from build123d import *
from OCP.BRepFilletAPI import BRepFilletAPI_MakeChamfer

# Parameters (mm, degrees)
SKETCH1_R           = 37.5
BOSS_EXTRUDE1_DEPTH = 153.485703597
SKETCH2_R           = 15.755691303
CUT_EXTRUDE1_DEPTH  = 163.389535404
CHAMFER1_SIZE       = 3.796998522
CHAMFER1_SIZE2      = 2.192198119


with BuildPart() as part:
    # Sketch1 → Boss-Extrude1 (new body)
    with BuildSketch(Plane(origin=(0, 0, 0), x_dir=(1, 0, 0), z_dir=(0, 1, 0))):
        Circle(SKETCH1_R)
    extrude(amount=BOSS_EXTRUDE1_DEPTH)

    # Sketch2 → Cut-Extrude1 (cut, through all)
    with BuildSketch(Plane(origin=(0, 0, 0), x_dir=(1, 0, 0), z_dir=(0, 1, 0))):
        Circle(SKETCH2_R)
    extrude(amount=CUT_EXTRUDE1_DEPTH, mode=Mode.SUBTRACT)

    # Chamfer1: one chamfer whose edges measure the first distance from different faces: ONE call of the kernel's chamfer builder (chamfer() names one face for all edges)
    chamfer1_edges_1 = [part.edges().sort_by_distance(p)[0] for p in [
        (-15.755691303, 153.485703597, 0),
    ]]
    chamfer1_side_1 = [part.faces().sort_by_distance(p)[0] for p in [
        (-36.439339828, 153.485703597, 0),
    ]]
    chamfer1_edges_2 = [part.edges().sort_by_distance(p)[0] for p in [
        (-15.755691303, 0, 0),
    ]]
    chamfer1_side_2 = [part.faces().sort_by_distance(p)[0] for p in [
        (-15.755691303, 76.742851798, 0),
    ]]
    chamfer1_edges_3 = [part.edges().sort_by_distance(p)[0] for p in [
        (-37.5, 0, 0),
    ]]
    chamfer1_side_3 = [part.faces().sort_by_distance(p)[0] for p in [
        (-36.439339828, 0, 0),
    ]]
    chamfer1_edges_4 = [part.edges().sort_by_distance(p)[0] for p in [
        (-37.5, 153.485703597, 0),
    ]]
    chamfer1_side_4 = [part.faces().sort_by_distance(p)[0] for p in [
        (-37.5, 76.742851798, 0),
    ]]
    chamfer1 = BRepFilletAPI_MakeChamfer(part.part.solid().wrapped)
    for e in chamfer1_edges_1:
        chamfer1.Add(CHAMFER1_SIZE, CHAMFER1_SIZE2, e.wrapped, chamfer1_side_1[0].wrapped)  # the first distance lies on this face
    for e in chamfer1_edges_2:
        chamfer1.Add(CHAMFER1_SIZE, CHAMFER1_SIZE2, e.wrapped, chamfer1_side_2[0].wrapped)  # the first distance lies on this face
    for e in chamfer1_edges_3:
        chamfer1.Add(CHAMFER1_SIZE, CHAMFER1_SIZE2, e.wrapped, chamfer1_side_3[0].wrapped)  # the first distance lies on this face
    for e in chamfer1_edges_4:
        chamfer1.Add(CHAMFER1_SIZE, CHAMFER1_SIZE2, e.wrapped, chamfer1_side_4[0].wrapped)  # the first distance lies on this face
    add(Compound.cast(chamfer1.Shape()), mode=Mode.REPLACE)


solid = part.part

**Description of the task:** Everything from the first line of the records through the line holding "Circle(SKETCH2_R)" is to be transcribed exactly; leave out all other lines.

**Output below:**
from build123d import *
from OCP.BRepFilletAPI import BRepFilletAPI_MakeChamfer

# Parameters (mm, degrees)
SKETCH1_R           = 37.5
BOSS_EXTRUDE1_DEPTH = 153.485703597
SKETCH2_R           = 15.755691303
CUT_EXTRUDE1_DEPTH  = 163.389535404
CHAMFER1_SIZE       = 3.796998522
CHAMFER1_SIZE2      = 2.192198119


with BuildPart() as part:
    # Sketch1 → Boss-Extrude1 (new body)
    with BuildSketch(Plane(origin=(0, 0, 0), x_dir=(1, 0, 0), z_dir=(0, 1, 0))):
        Circle(SKETCH1_R)
    extrude(amount=BOSS_EXTRUDE1_DEPTH)

    # Sketch2 → Cut-Extrude1 (cut, through all)
    with BuildSketch(Plane(origin=(0, 0, 0), x_dir=(1, 0, 0), z_dir=(0, 1, 0))):
        Circle(SKETCH2_R)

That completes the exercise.